All are forms of pagan animism and occult mystical pantheist monism (naturalism) that deny man's soul/spirit (the seat of personality), the two sexes, lack an ultimate source for conscious life and deny reality itself.

The idea that matter is eternal or spontaneously generated is a pattern of thought stretching back to the Babylonians, Egyptians, and Greeks in the West and in the East to Buddha and the Upanishads.

With Greek nature sages such as the Atomists, matter (atoms) is a more or less physical substance that bumps around in a void. With Upanishads, Prakriti substance (matter) is energy called Universal Mind, Brahman, Void.

Either way, matter is not personal. It cannot produce life and more importantly, conscious life, nor can it think, speak, or move. It is not human. Nor is it either male or female.

Whether matter is held to be eternally existing or spontaneously generated (Cosmic Egg/Big Bang) matters not since the common denominator of all materialist cosmogonies is metaphysical nihilism,

"... This position has been held by philosophers such as Parmenides, Buddha, Advaita Vedantins, and perhaps Kant (according to some interpretations of his transcendental idealism). Blob theory can also be considered very closely aligned with mereological nihilism (there are no parts and wholes). Obviously if metaphysical nihilism is correct, empirical reality is an illusion." (What is Metaphysical Nihilism? OpenTopia.com)
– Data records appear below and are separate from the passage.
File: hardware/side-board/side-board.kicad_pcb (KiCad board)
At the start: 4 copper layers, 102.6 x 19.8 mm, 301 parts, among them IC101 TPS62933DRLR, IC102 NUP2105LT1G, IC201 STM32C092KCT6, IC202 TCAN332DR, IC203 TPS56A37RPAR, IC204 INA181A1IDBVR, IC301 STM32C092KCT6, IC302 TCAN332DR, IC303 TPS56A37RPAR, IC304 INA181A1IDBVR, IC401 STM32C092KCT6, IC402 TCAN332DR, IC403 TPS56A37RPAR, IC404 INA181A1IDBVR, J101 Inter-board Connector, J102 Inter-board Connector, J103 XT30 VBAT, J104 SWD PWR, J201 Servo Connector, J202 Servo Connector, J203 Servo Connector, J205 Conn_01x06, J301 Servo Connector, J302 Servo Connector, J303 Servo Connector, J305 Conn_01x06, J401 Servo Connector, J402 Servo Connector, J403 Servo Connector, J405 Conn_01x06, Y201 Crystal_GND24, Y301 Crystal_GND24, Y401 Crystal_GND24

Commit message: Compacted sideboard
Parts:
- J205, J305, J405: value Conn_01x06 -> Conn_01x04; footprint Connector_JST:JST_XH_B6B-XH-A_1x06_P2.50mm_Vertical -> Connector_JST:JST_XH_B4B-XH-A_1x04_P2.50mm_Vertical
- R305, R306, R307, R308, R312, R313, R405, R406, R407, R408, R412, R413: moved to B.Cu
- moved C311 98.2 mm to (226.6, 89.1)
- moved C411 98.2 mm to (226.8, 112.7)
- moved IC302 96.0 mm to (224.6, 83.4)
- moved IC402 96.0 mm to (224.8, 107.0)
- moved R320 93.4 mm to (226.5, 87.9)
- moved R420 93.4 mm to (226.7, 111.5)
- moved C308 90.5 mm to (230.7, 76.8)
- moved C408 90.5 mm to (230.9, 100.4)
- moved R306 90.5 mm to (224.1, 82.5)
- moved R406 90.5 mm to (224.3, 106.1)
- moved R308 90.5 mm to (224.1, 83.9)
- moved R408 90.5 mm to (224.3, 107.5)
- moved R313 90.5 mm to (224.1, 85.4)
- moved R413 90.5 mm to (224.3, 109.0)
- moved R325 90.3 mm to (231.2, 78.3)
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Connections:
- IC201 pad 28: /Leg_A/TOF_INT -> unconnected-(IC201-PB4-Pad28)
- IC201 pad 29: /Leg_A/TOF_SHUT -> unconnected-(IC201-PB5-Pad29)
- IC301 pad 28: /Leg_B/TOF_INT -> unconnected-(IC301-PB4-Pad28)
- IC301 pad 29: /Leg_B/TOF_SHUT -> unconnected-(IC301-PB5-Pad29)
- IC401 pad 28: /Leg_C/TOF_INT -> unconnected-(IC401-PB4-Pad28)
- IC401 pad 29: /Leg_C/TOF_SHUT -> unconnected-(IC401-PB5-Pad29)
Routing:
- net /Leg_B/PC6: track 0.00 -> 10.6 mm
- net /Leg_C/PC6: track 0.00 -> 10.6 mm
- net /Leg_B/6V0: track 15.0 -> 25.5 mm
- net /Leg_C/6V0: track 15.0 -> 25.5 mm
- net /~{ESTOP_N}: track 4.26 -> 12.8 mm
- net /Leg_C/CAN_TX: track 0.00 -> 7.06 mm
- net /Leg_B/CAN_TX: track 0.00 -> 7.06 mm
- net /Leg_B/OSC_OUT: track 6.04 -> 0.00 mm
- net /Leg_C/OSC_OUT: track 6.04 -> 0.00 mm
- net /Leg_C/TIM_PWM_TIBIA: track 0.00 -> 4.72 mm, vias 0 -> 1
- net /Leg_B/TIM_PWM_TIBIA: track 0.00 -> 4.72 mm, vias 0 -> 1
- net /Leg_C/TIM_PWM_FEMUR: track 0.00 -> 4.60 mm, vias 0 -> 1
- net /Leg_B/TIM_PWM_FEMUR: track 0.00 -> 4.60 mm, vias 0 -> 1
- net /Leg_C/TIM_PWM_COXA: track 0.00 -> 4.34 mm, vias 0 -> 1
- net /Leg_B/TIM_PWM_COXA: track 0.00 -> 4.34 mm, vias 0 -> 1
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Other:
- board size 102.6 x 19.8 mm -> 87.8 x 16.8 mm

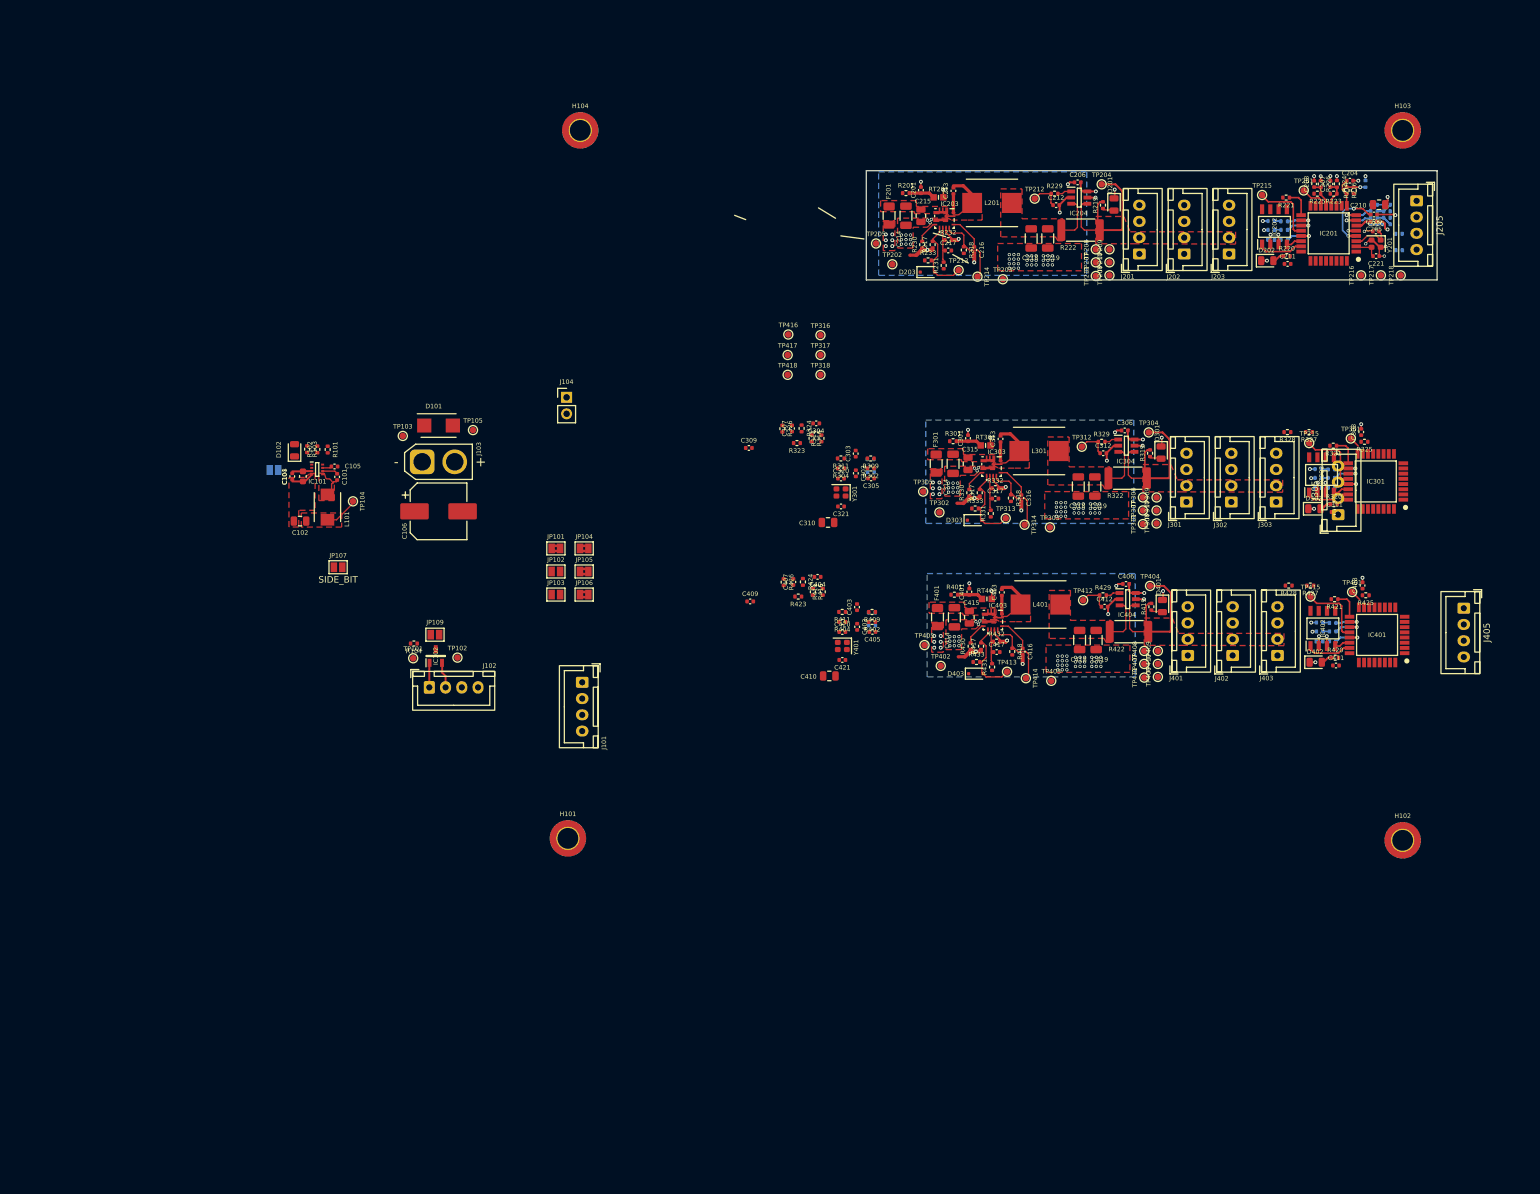
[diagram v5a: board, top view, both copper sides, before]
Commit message: Compacted sideboard further
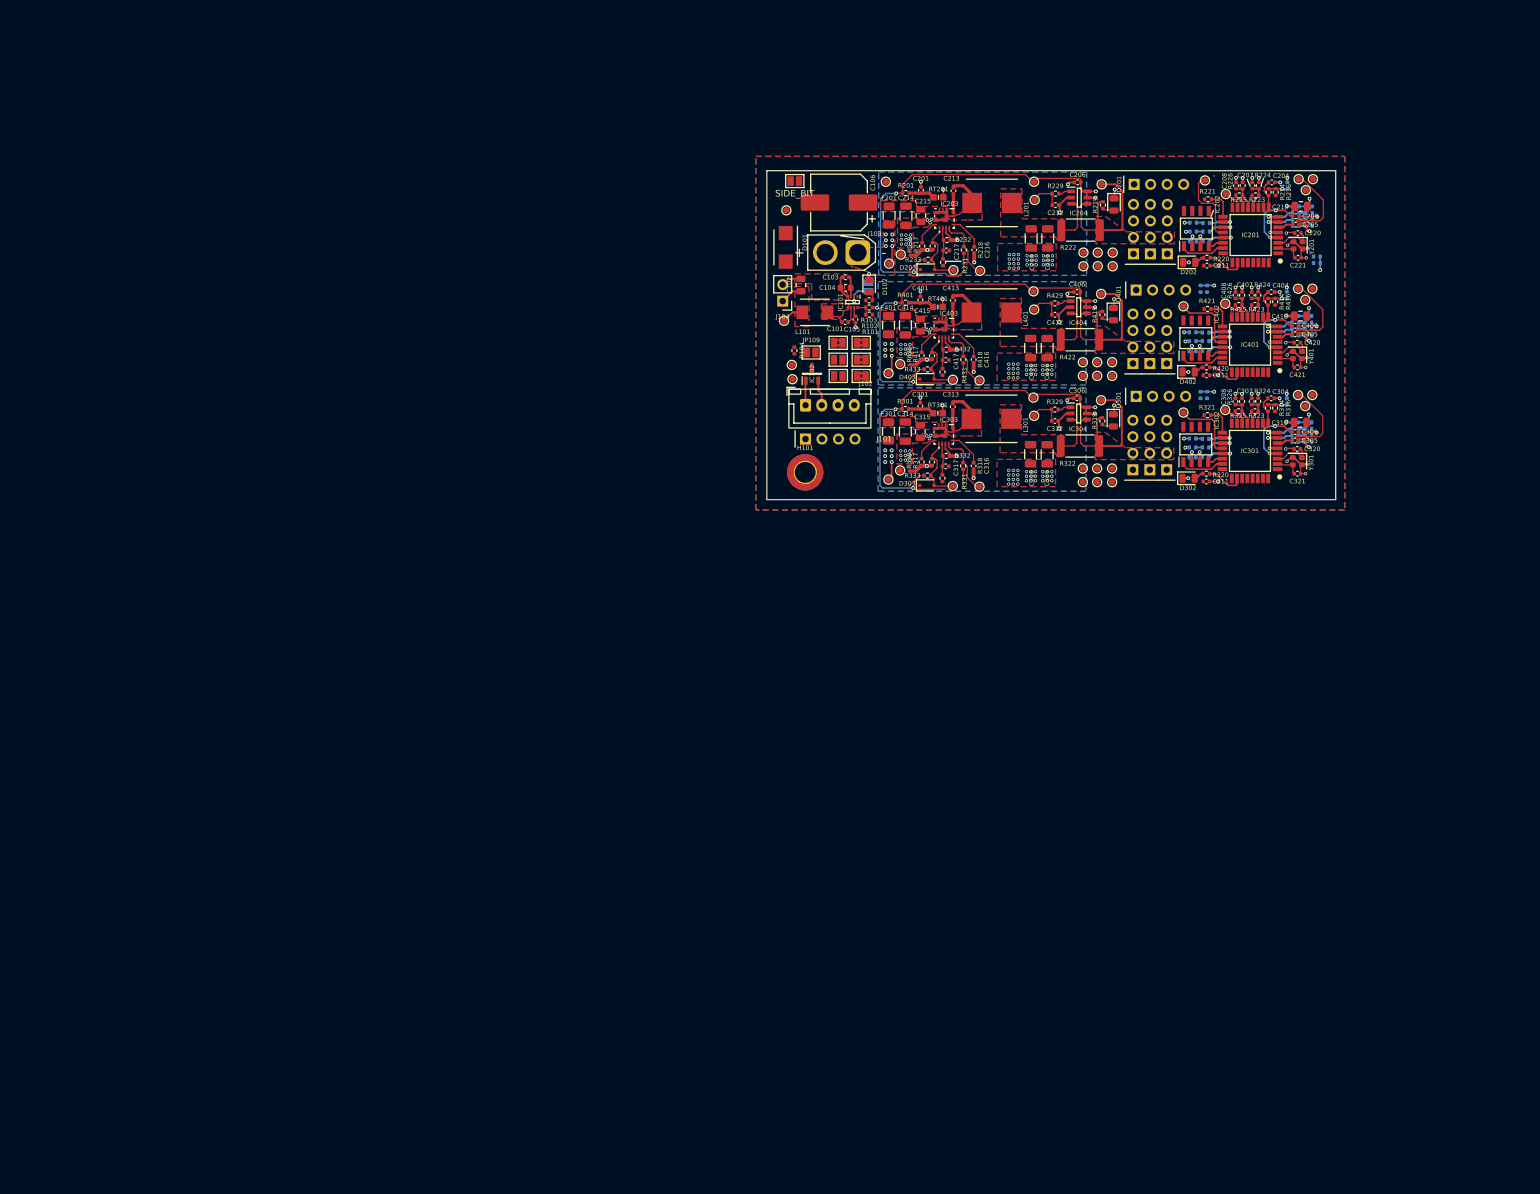
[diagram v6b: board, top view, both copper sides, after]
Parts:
- removed H102, H103, H104: M3, MountingHole:MountingHole_3.2mm_M3_DIN965_Pad_TopBottom
- C302, C303, C402, C403, R302, R304, R309, R311, R327, R328, R402, R404, R409, R411, R427, R428: moved to B.Cu
- J101, J201, J202, J203, J301, J302, J303, J401, J402, J403: footprint Connector_JST:JST_XH_B4B-XH-A_1x04_P2.50mm_Vertical -> vector:PinHeader_1x04_P2.54mm_Vertical_Tile
- J205, J305, J405: value Conn_01x04 -> ToF; footprint Connector_JST:JST_XH_B4B-XH-A_1x04_P2.50mm_Vertical -> vector:PinHeader_1x04_P2.54mm_Vertical_Tile
- moved JP108 95.7 mm to (154.9, 54.5), turned to -90 degrees
- moved C409 94.0 mm to (220.6, 60.5), turned to 180 degrees
- moved JP107 92.0 mm to (143.6, 38.2)
- moved D102 91.9 mm to (155.0, 54.3), turned to -90 degrees
- moved C410 91.2 mm to (221.4, 59.0)
- moved C103 90.5 mm to (151.4, 53.0), turned to 0 degrees
- moved R103 89.4 mm to (155.0, 56.5), turned to 180 degrees
- moved C104 88.4 mm to (151.4, 54.6), turned to 0 degrees
- moved R102 87.6 mm to (155.0, 57.6), turned to 0 degrees
- moved IC101 86.3 mm to (152.5, 56.8), turned to -90 degrees
- moved R415 86.0 mm to (219.3, 55.8)
- moved R101 85.8 mm to (155.0, 58.7), turned to 180 degrees
- moved C102 85.2 mm to (144.5, 54.2), turned to -90 degrees
- moved C309 84.1 mm to (220.6, 76.8), turned to 180 degrees
- moved R423 83.4 mm to (214.4, 57.3)
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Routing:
- net +3V3: track 31.4 -> 244.5 mm, vias 8 -> 27
- net GND: track 71.1 -> 125.3 mm, vias 172 -> 201
- net /Leg_C/NRST: track 0.00 -> 15.4 mm
- net /Leg_B/NRST: track 0.00 -> 15.4 mm
- net /Leg_A/NRST: track 2.49 -> 15.4 mm
- net /VBAT: track 3.01 -> 11.9 mm
- net /Leg_C/ADC_POT_FEMUR: track 0.00 -> 6.43 mm, vias 0 -> 1
- net /Leg_B/ADC_POT_FEMUR: track 0.00 -> 6.43 mm, vias 0 -> 1
- net /Leg_C/ADC_POT_COXA: track 0.00 -> 6.34 mm, vias 0 -> 1
- net /Leg_B/ADC_POT_COXA: track 0.00 -> 6.34 mm, vias 0 -> 1
- net /Leg_B/OSC_OUT: track 0.00 -> 5.92 mm
- net /Leg_C/OSC_OUT: track 0.00 -> 5.92 mm
- net /Leg_B/PA15: track 0.00 -> 5.63 mm
- net /Leg_C/PA15: track 0.00 -> 5.63 mm
- net /Leg_A/PA15: track 0.00 -> 5.63 mm
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- added copper zone on In2.Cu, net +3V3
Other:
- board size 87.8 x 16.8 mm -> 87.5 x 50.6 mm

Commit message: Completed sideboard PCB
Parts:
- JP109, TP208, TP209, TP210, TP211, TP308, TP309, TP310, TP311, TP408, TP409, TP410, TP411: moved to B.Cu
- moved JP107 84.8 mm to (226.5, 56.2), turned to -90 degrees
- moved JP101 78.9 mm to (226.4, 42.4), turned to 90 degrees
- moved JP102 78.7 mm to (226.4, 45.8), turned to 90 degrees
- moved JP103 76.9 mm to (226.4, 79.0), turned to -90 degrees
- moved JP104 75.6 mm to (226.2, 85.0), turned to -90 degrees
- moved JP106 73.2 mm to (226.5, 59.5), turned to 90 degrees
- moved JP105 72.8 mm to (226.5, 62.9), turned to -90 degrees
- moved TP207 36.5 mm to (224.5, 48.4)
- moved TP307 36.5 mm to (224.4, 81.6)
- moved TP407 36.5 mm to (224.4, 65.2)
- moved TP206 34.0 mm to (224.1, 45.8)
- moved TP306 34.0 mm to (224.0, 79.0)
- moved TP406 34.0 mm to (224.0, 62.7)
- moved TP208 24.2 mm to (214.9, 40.0), turned to 180 degrees
- moved TP408 24.2 mm to (214.8, 56.9), turned to 180 degrees
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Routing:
- net /VBAT: track 11.9 -> 220.4 mm, vias 18 -> 22
- net /~{ESTOP_N}: track 12.8 -> 170.1 mm, vias 0 -> 11
- net /CAN_H: track 3.80 -> 135.7 mm, vias 0 -> 7
- net /CAN_L: track 4.08 -> 134.4 mm, vias 0 -> 7
- net /Leg_A/NTC_SENSE: track 3.69 -> 72.9 mm, vias 0 -> 2
- net /Leg_C/NTC_SENSE: track 3.69 -> 72.9 mm, vias 0 -> 2
- net /Leg_B/NTC_SENSE: track 3.69 -> 72.9 mm, vias 0 -> 2
- net /Leg_A/MCU_BUCK_EN: track 4.89 -> 66.6 mm, vias 0 -> 2
- net /SIDE_BIT: track 0.00 -> 60.2 mm, vias 0 -> 6
- net /Leg_C/6V0_BUCK: track 7.08 -> 64.0 mm, vias 0 -> 4
- net /Leg_A/6V0_BUCK: track 7.08 -> 64.0 mm, vias 0 -> 4
- net /Leg_B/6V0_BUCK: track 7.08 -> 64.0 mm, vias 0 -> 4
- net /Leg_C/MCU_BUCK_EN: track 3.50 -> 60.0 mm, vias 0 -> 2
- net /Leg_B/MCU_BUCK_EN: track 3.50 -> 59.9 mm, vias 0 -> 2
- net /Leg_C/BUCK_PG: track 9.49 -> 58.7 mm, vias 0 -> 3
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- added copper zone on In2.Cu, net /VBAT

For fifteen hundred years, Christendom and then later Protestant America had followed St. Augustine (AD 354-430) in affirming that as all men are the spiritual image-bearers of the transcendent Triune God then it logically follows that each person is a trinity of being — of soul, spirit, and body.

But for over two hundred years, ancient anti-human evolutionary cosmogonies, philosophies and dogmas have been working their way through our culture, embedding themselves, often unconsciously, within our psyches, causing us to believe that we are less than nothing: chimp-pig hybrids, robots, apes, etc.

Ideas have consequences, meaning that the triumph of antihuman metaphysical nihilism means spiritual, moral, and intellectual suicide---the fate foreseen by Plato so long ago.